> **Task goal**:
What is needed is an exact copy of all the entries.

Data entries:
○ ○ ○ ○ ○ ○ ○
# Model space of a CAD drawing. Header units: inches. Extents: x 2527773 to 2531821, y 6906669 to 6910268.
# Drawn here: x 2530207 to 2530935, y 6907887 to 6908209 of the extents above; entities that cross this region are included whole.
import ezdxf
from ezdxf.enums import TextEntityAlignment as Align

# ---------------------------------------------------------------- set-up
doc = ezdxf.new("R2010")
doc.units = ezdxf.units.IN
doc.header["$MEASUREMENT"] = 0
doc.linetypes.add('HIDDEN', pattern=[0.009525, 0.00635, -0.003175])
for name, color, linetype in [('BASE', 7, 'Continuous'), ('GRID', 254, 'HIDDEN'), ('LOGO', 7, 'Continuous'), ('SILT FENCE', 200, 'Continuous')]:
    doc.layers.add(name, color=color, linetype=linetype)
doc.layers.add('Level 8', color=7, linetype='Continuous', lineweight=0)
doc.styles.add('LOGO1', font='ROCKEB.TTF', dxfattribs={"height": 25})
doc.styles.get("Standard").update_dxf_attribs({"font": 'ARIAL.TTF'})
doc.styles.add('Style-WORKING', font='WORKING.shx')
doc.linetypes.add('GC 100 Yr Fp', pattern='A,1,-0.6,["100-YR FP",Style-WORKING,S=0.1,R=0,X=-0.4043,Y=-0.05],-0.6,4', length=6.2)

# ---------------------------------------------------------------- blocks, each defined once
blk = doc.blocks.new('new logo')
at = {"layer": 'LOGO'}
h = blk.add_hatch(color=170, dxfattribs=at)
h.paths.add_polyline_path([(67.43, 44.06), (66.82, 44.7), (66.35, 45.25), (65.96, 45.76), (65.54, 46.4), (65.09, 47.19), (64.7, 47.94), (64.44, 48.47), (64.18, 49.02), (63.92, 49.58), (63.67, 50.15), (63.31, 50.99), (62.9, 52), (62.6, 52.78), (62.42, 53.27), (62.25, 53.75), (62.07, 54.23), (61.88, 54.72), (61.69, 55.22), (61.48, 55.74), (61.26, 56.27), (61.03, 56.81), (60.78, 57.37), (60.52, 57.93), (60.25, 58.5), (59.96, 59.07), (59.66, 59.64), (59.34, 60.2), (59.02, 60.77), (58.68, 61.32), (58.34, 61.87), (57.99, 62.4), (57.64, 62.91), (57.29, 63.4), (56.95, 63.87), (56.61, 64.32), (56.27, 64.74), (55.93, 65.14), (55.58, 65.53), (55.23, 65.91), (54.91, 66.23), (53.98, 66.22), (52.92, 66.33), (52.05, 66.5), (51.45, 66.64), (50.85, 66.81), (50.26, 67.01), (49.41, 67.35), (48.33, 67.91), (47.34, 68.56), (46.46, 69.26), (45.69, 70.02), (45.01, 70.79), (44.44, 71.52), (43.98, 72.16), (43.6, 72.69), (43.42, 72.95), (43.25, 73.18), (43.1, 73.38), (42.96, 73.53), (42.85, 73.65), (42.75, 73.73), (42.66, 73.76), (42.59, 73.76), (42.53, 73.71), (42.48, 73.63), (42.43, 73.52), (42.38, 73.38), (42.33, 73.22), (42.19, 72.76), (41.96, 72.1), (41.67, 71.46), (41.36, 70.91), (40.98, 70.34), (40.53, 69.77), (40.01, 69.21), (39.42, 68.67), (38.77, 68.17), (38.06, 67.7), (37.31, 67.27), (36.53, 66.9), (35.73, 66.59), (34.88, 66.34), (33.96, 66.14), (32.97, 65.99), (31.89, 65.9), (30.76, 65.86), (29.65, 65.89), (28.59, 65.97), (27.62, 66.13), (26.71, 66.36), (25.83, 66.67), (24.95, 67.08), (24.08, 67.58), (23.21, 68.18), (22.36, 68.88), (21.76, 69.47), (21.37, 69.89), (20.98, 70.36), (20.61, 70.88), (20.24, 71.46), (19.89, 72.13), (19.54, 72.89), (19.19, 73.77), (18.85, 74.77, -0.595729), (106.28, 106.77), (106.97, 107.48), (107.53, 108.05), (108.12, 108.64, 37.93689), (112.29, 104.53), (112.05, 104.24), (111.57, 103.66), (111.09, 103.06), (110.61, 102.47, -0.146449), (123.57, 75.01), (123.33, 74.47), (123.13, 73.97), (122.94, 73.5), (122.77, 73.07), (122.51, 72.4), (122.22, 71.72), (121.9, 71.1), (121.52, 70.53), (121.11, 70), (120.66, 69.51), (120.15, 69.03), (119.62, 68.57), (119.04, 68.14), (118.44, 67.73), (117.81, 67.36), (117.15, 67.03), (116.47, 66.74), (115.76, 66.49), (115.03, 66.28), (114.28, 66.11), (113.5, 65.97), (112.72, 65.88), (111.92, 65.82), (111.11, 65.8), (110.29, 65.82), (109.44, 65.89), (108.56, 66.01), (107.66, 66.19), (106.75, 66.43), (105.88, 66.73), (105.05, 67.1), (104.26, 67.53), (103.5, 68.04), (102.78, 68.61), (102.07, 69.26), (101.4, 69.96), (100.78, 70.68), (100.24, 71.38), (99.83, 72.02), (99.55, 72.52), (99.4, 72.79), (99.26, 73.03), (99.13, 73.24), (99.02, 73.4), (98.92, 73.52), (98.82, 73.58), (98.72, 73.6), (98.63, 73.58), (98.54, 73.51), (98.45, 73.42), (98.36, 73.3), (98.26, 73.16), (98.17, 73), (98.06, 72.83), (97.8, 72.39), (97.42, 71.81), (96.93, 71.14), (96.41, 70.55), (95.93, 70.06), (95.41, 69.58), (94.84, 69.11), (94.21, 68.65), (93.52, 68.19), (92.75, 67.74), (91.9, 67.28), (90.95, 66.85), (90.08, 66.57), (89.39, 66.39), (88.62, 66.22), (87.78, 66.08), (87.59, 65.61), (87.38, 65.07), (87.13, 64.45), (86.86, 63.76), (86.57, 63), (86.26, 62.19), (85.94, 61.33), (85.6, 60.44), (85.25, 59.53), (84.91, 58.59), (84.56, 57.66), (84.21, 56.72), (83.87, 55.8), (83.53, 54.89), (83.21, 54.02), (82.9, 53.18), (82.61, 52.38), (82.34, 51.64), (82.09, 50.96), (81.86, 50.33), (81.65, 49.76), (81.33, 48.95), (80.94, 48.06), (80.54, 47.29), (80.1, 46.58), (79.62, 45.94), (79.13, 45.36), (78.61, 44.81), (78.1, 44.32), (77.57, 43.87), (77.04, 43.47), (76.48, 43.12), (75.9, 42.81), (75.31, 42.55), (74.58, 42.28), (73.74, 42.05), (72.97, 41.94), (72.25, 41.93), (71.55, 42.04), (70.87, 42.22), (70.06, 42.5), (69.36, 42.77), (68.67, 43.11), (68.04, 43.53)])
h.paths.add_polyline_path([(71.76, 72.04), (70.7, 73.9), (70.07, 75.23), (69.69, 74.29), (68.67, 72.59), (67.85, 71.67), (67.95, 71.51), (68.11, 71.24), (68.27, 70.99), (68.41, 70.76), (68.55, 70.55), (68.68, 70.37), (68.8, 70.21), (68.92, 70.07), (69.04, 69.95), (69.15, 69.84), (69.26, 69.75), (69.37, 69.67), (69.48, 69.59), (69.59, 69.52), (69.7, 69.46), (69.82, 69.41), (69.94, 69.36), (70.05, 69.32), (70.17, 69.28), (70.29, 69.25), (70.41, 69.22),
○ ○ ○ ○ ○ ○ ○
> **Finished task**:
# Model space of a CAD drawing. Header units: inches. Extents: x 2527773 to 2531821, y 6906669 to 6910268.
# Drawn here: x 2530207 to 2530935, y 6907887 to 6908209 of the extents above; entities that cross this region are included whole.
import ezdxf
from ezdxf.enums import TextEntityAlignment as Align

# ---------------------------------------------------------------- set-up
doc = ezdxf.new("R2010")
doc.units = ezdxf.units.IN
doc.header["$MEASUREMENT"] = 0
doc.linetypes.add('HIDDEN', pattern=[0.009525, 0.00635, -0.003175])
for name, color, linetype in [('BASE', 7, 'Continuous'), ('GRID', 254, 'HIDDEN'), ('LOGO', 7, 'Continuous'), ('SILT FENCE', 200, 'Continuous')]:
    doc.layers.add(name, color=color, linetype=linetype)
doc.layers.add('Level 8', color=7, linetype='Continuous', lineweight=0)
doc.styles.add('LOGO1', font='ROCKEB.TTF', dxfattribs={"height": 25})
doc.styles.get("Standard").update_dxf_attribs({"font": 'ARIAL.TTF'})
doc.styles.add('Style-WORKING', font='WORKING.shx')
doc.linetypes.add('GC 100 Yr Fp', pattern='A,1,-0.6,["100-YR FP",Style-WORKING,S=0.1,R=0,X=-0.4043,Y=-0.05],-0.6,4', length=6.2)

# ---------------------------------------------------------------- blocks, each defined once
blk = doc.blocks.new('new logo')
at = {"layer": 'LOGO'}
h = blk.add_hatch(color=170, dxfattribs=at)
h.paths.add_polyline_path([(67.43, 44.06), (66.82, 44.7), (66.35, 45.25), (65.96, 45.76), (65.54, 46.4), (65.09, 47.19), (64.7, 47.94), (64.44, 48.47), (64.18, 49.02), (63.92, 49.58), (63.67, 50.15), (63.31, 50.99), (62.9, 52), (62.6, 52.78), (62.42, 53.27), (62.25, 53.75), (62.07, 54.23), (61.88, 54.72), (61.69, 55.22), (61.48, 55.74), (61.26, 56.27), (61.03, 56.81), (60.78, 57.37), (60.52, 57.93), (60.25, 58.5), (59.96, 59.07), (59.66, 59.64), (59.34, 60.2), (59.02, 60.77), (58.68, 61.32), (58.34, 61.87), (57.99, 62.4), (57.64, 62.91), (57.29, 63.4), (56.95, 63.87), (56.61, 64.32), (56.27, 64.74), (55.93, 65.14), (55.58, 65.53), (55.23, 65.91), (54.91, 66.23), (53.98, 66.22), (52.92, 66.33), (52.05, 66.5), (51.45, 66.64), (50.85, 66.81), (50.26, 67.01), (49.41, 67.35), (48.33, 67.91), (47.34, 68.56), (46.46, 69.26), (45.69, 70.02), (45.01, 70.79), (44.44, 71.52), (43.98, 72.16), (43.6, 72.69), (43.42, 72.95), (43.25, 73.18), (43.1, 73.38), (42.96, 73.53), (42.85, 73.65), (42.75, 73.73), (42.66, 73.76), (42.59, 73.76), (42.53, 73.71), (42.48, 73.63), (42.43, 73.52), (42.38, 73.38), (42.33, 73.22), (42.19, 72.76), (41.96, 72.1), (41.67, 71.46), (41.36, 70.91), (40.98, 70.34), (40.53, 69.77), (40.01, 69.21), (39.42, 68.67), (38.77, 68.17), (38.06, 67.7), (37.31, 67.27), (36.53, 66.9), (35.73, 66.59), (34.88, 66.34), (33.96, 66.14), (32.97, 65.99), (31.89, 65.9), (30.76, 65.86), (29.65, 65.89), (28.59, 65.97), (27.62, 66.13), (26.71, 66.36), (25.83, 66.67), (24.95, 67.08), (24.08, 67.58), (23.21, 68.18), (22.36, 68.88), (21.76, 69.47), (21.37, 69.89), (20.98, 70.36), (20.61, 70.88), (20.24, 71.46), (19.89, 72.13), (19.54, 72.89), (19.19, 73.77), (18.85, 74.77, -0.595729), (106.28, 106.77), (106.97, 107.48), (107.53, 108.05), (108.12, 108.64, 37.93689), (112.29, 104.53), (112.05, 104.24), (111.57, 103.66), (111.09, 103.06), (110.61, 102.47, -0.146449), (123.57, 75.01), (123.33, 74.47), (123.13, 73.97), (122.94, 73.5), (122.77, 73.07), (122.51, 72.4), (122.22, 71.72), (121.9, 71.1), (121.52, 70.53), (121.11, 70), (120.66, 69.51), (120.15, 69.03), (119.62, 68.57), (119.04, 68.14), (118.44, 67.73), (117.81, 67.36), (117.15, 67.03), (116.47, 66.74), (115.76, 66.49), (115.03, 66.28), (114.28, 66.11), (113.5, 65.97), (112.72, 65.88), (111.92, 65.82), (111.11, 65.8), (110.29, 65.82), (109.44, 65.89), (108.56, 66.01), (107.66, 66.19), (106.75, 66.43), (105.88, 66.73), (105.05, 67.1), (104.26, 67.53), (103.5, 68.04), (102.78, 68.61), (102.07, 69.26), (101.4, 69.96), (100.78, 70.68), (100.24, 71.38), (99.83, 72.02), (99.55, 72.52), (99.4, 72.79), (99.26, 73.03), (99.13, 73.24), (99.02, 73.4), (98.92, 73.52), (98.82, 73.58), (98.72, 73.6), (98.63, 73.58), (98.54, 73.51), (98.45, 73.42), (98.36, 73.3), (98.26, 73.16), (98.17, 73), (98.06, 72.83), (97.8, 72.39), (97.42, 71.81), (96.93, 71.14), (96.41, 70.55), (95.93, 70.06), (95.41, 69.58), (94.84, 69.11), (94.21, 68.65), (93.52, 68.19), (92.75, 67.74), (91.9, 67.28), (90.95, 66.85), (90.08, 66.57), (89.39, 66.39), (88.62, 66.22), (87.78, 66.08), (87.59, 65.61), (87.38, 65.07), (87.13, 64.45), (86.86, 63.76), (86.57, 63), (86.26, 62.19), (85.94, 61.33), (85.6, 60.44), (85.25, 59.53), (84.91, 58.59), (84.56, 57.66), (84.21, 56.72), (83.87, 55.8), (83.53, 54.89), (83.21, 54.02), (82.9, 53.18), (82.61, 52.38), (82.34, 51.64), (82.09, 50.96), (81.86, 50.33), (81.65, 49.76), (81.33, 48.95), (80.94, 48.06), (80.54, 47.29), (80.1, 46.58), (79.62, 45.94), (79.13, 45.36), (78.61, 44.81), (78.1, 44.32), (77.57, 43.87), (77.04, 43.47), (76.48, 43.12), (75.9, 42.81), (75.31, 42.55), (74.58, 42.28), (73.74, 42.05), (72.97, 41.94), (72.25, 41.93), (71.55, 42.04), (70.87, 42.22), (70.06, 42.5), (69.36, 42.77), (68.67, 43.11), (68.04, 43.53)])
h.paths.add_polyline_path([(71.76, 72.04), (70.7, 73.9), (70.07, 75.23), (69.69, 74.29), (68.67, 72.59), (67.85, 71.67), (67.95, 71.51), (68.11, 71.24), (68.27, 70.99), (68.41, 70.76), (68.55, 70.55), (68.68, 70.37), (68.8, 70.21), (68.92, 70.07), (69.04, 69.95), (69.15, 69.84), (69.26, 69.75), (69.37, 69.67), (69.48, 69.59), (69.59, 69.52), (69.7, 69.46), (69.82, 69.41), (69.94, 69.36), (70.05, 69.32), (70.17, 69.28), (70.29, 69.25), (70.41, 69.22),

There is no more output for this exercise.